In Valtellina, con il “doppio evento” di luglio e di agosto, ricorda Zamberletti “per la prima volta, riuscivamo ad occuparci di proteggere e metter in salvo i vivi, più che a predisporci e attrezzarci per raccogliere morti, nel modo più svelto ed efficiente possibile: in fondo, per me significava il migliore compimento possibile del mio mandato. La Valtellina è poi anche la storia di una comunità scientifica finalmente aggregata alla protezione civile, con le scarpe nel fango, e non più chiusa nella comoda turris eburnea del mondo academico. E’ anche storia di decisioni sofferte, e storia di di istituzioni che in fondo sono rappresentate da uomini con tutti i loro dubbi e le loro debolezze …”. L’emergenza vissuta in Valtellina testimonia la “… storia di un sistema che in quella vicenda troverà motivi di profonda crescita spirituale e professionale”.

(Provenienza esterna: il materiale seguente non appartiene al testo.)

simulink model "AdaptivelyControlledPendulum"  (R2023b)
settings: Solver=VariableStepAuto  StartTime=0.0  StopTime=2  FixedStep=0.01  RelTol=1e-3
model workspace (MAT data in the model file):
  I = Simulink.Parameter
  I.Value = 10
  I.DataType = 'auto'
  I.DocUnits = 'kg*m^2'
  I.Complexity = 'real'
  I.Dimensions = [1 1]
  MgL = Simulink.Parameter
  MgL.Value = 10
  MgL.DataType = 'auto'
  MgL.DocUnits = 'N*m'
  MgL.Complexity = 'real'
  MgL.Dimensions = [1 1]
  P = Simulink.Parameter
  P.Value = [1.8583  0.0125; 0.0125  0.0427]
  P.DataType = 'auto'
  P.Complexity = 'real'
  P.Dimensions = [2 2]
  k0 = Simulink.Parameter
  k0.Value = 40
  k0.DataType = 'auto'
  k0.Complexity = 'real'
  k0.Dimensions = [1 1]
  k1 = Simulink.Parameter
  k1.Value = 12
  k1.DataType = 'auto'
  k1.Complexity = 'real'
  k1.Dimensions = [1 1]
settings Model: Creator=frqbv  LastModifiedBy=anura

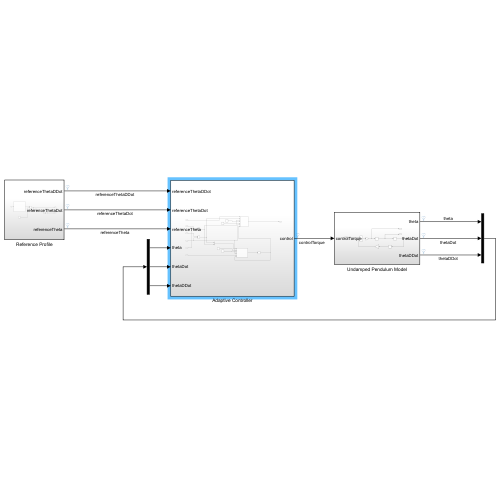
[thumbnail: Simulink's stored preview of the top-level diagram]
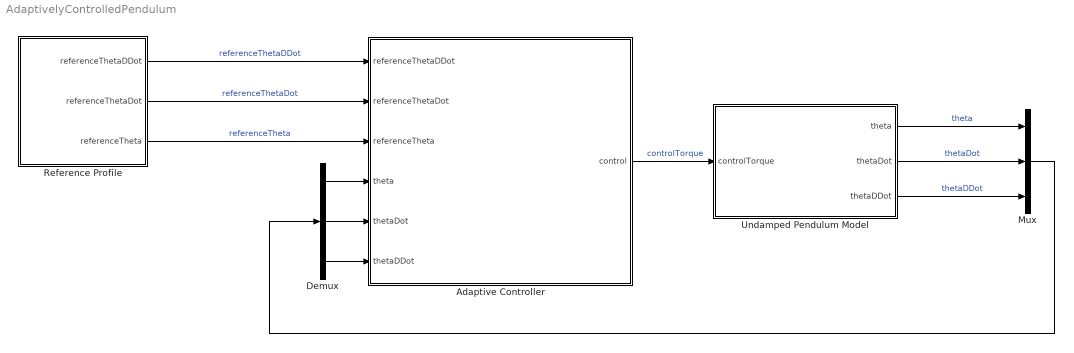
== system AdaptivelyControlledPendulum ==
  Adaptive Controller : Subsystem
  Demux : Demux  Outputs=3
  Mux : Mux  Inputs=3
  Reference Profile : Subsystem
  Undamped Pendulum Model : Subsystem
  wires:
  Undamped Pendulum Model/3(thetaDDot) -> Mux/3  "thetaDDot"
  Undamped Pendulum Model/1(theta) -> Mux/1  "theta"
  Undamped Pendulum Model/2(thetaDot) -> Mux/2  "thetaDot"
  Mux/1 -> Demux/1
  Reference Profile/1(referenceThetaDDot) -> Adaptive Controller/1(referenceThetaDDot)  "referenceThetaDDot"
  Reference Profile/2(referenceThetaDot) -> Adaptive Controller/2(referenceThetaDot)  "referenceThetaDot"
  Reference Profile/3(referenceTheta) -> Adaptive Controller/3(referenceTheta)  "referenceTheta"
  Demux/1 -> Adaptive Controller/4(theta)
  Demux/2 -> Adaptive Controller/5(thetaDot)
  Demux/3 -> Adaptive Controller/6(thetaDDot)
  Adaptive Controller/1(control) -> Undamped Pendulum Model/1(controlTorque)  "controlTorque"

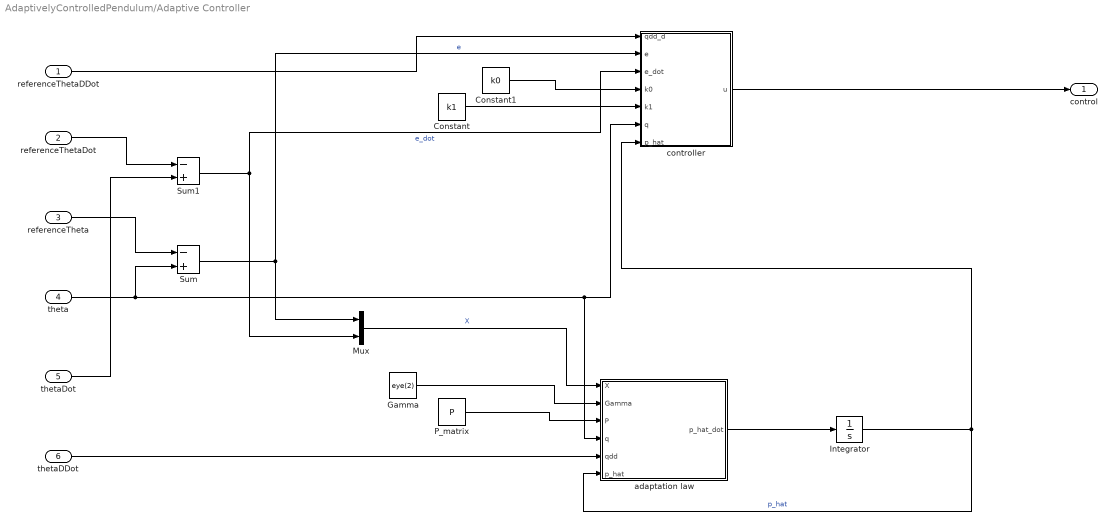
== system AdaptivelyControlledPendulum/Adaptive Controller ==
  referenceThetaDDot : Inport
  referenceThetaDot : Inport  Port=2
  referenceTheta : Inport  Port=3
  theta : Inport  Port=4
  thetaDot : Inport  Port=5
  thetaDDot : Inport  Port=6
  Constant : Constant  Value=k1
  Constant1 : Constant  Value=k0
  Gamma : Constant  Value=eye(2)
  Integrator : Integrator  InitialCondition=[8;5]
  Mux : Mux  Inputs=2
  P_matrix : Constant  Value=P
  Sum : Sum  Inputs=-+
  Sum1 : Sum  Inputs=-+
  adaptation law : MATLAB Function  TreatAsAtomicUnit=on
  controller : MATLAB Function  TreatAsAtomicUnit=on
  control : Outport
  wires:
  controller/1(u) -> control/1
  theta/1 -> controller/6(q), adaptation law/4(q), Sum/2
  referenceTheta/1 -> Sum/1
  referenceThetaDot/1 -> Sum1/1
  thetaDot/1 -> Sum1/2
  Sum1/1 -> controller/3(e_dot), Mux/2  "e_dot"
  Sum/1 -> controller/2(e), Mux/1  "e"
  P_matrix/1 -> adaptation law/3(P)
  Gamma/1 -> adaptation law/2(Gamma)
  adaptation law/1(p_hat_dot) -> Integrator/1
  Mux/1 -> adaptation law/1(X)  "X"
  Integrator/1 -> adaptation law/6(p_hat), controller/7(p_hat)  "p_hat"
  Constant/1 -> controller/5(k1)
  Constant1/1 -> controller/4(k0)
  referenceThetaDDot/1 -> controller/1(qdd_d)
  thetaDDot/1 -> adaptation law/5(qdd)

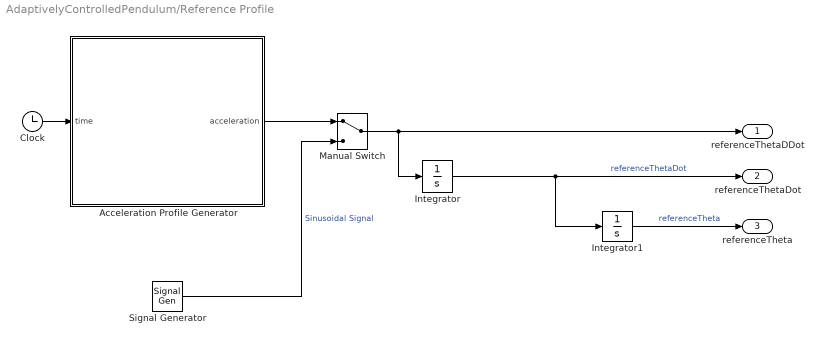
== system AdaptivelyControlledPendulum/Reference Profile ==
  Acceleration Profile Generator : MATLAB Function  TreatAsAtomicUnit=on
  Clock : Clock
  Integrator : Integrator
  Integrator1 : Integrator
  Manual Switch : ManualSwitch
  Signal Generator : SignalGenerator  Amplitude=2  Frequency=3
  referenceThetaDDot : Outport
  referenceThetaDot : Outport  Port=2
  referenceTheta : Outport  Port=3
  wires:
  Clock/1 -> Acceleration Profile Generator/1(time)
  Integrator/1 -> Integrator1/1, referenceThetaDot/1  "referenceThetaDot"
  Integrator1/1 -> referenceTheta/1  "referenceTheta"
  Signal Generator/1 -> Manual Switch/2  "Sinusoidal Signal"
  Acceleration Profile Generator/1(acceleration) -> Manual Switch/1
  Manual Switch/1 -> referenceThetaDDot/1, Integrator/1

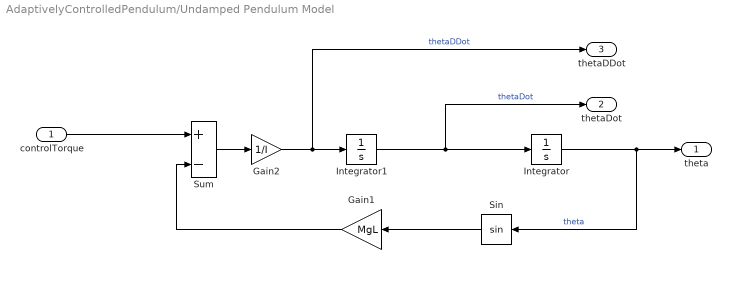
== system AdaptivelyControlledPendulum/Undamped Pendulum Model ==
  controlTorque : Inport
  Gain1 : Gain  Gain=MgL
  Gain2 : Gain  Gain=1/I
  Integrator : Integrator
  Integrator1 : Integrator
  Sin : Trigonometry
  Sum : Sum  Inputs=+-
  theta : Outport
  thetaDot : Outport  Port=2
  thetaDDot : Outport  Port=3
  wires:
  Integrator/1 -> Sin/1, theta/1  "theta"
  Integrator1/1 -> thetaDot/1, Integrator/1  "thetaDot"
  Sin/1 -> Gain1/1
  Gain1/1 -> Sum/2
  controlTorque/1 -> Sum/1
  Gain2/1 -> thetaDDot/1, Integrator1/1  "thetaDDot"
  Sum/1 -> Gain2/1

== matlab function AdaptivelyControlledPendulum/Adaptive Controller/adaptation law ==
  data: X input; p_hat_dot output; Gamma input; P input; q input; qdd input; p_hat input
function p_hat_dot = fcn(X, Gamma, P, q, qdd, p_hat)

B = [0;1];

y1 = qdd;
y2 = sin(q);

y = [y1,y2];

M_hat = p_hat(1);

Phi = (M_hat^(-1)) * y;

p_hat_dot = -Gamma^(-1) * (Phi') * (B') * (P) * (X);

== matlab function AdaptivelyControlledPendulum/Adaptive Controller/controller ==
  data: qdd_d input; u output; e input; e_dot input; k0 input; k1 input; q input; p_hat input
function u = fcn(qdd_d, e, e_dot, k0, k1, q, p_hat)

M_hat = p_hat(1);
mgl_hat = p_hat(2);

u = ((M_hat)*(qdd_d - (k0*e) - (k1*e_dot))) + (mgl_hat*sin(q));

== matlab function AdaptivelyControlledPendulum/Reference Profile/Acceleration Profile Generator ==
  data: time input; acceleration output
function acceleration = GenerateAccelerationProfile(time)

thetaMax = 1;
thetaDotMax = 1; 
thetaDoubleDotMax = 2;

t1 = thetaDotMax/thetaDoubleDotMax;
t2 = thetaMax / thetaDotMax;
t3 = t1 + t2;


if time <= t1
    acceleration = thetaDoubleDotMax;
elseif time <= t2
    acceleration = 0;
elseif time <= t3
    acceleration = -thetaDoubleDotMax;
else
    acceleration = 0;
end

end

La “Commissione Valtellina”, nominata da Zamberletti e confermata dal ministro Gaspari a lui succeduto, era presieduta da Ugo Majone e composta da Lunardi, Govi, Siccardi, Mortara, Verde, Fiore: essa aveva il compito di “studiare i fenomeni ai fini della formulazione di proposte per l’attuazione dei provvedimenti di urgenza”.

Fu l’occasione di una “…straordinaria entrata in campo della comunità scientifica sullo scenario operativo degli eventi catastrofici e della loro mitigazione, con il ruolo preziosissimo svolto dagli esperti nell’individuare le tecniche da utilizzare e nell’incoraggiare le decisioni di protezione civile…”.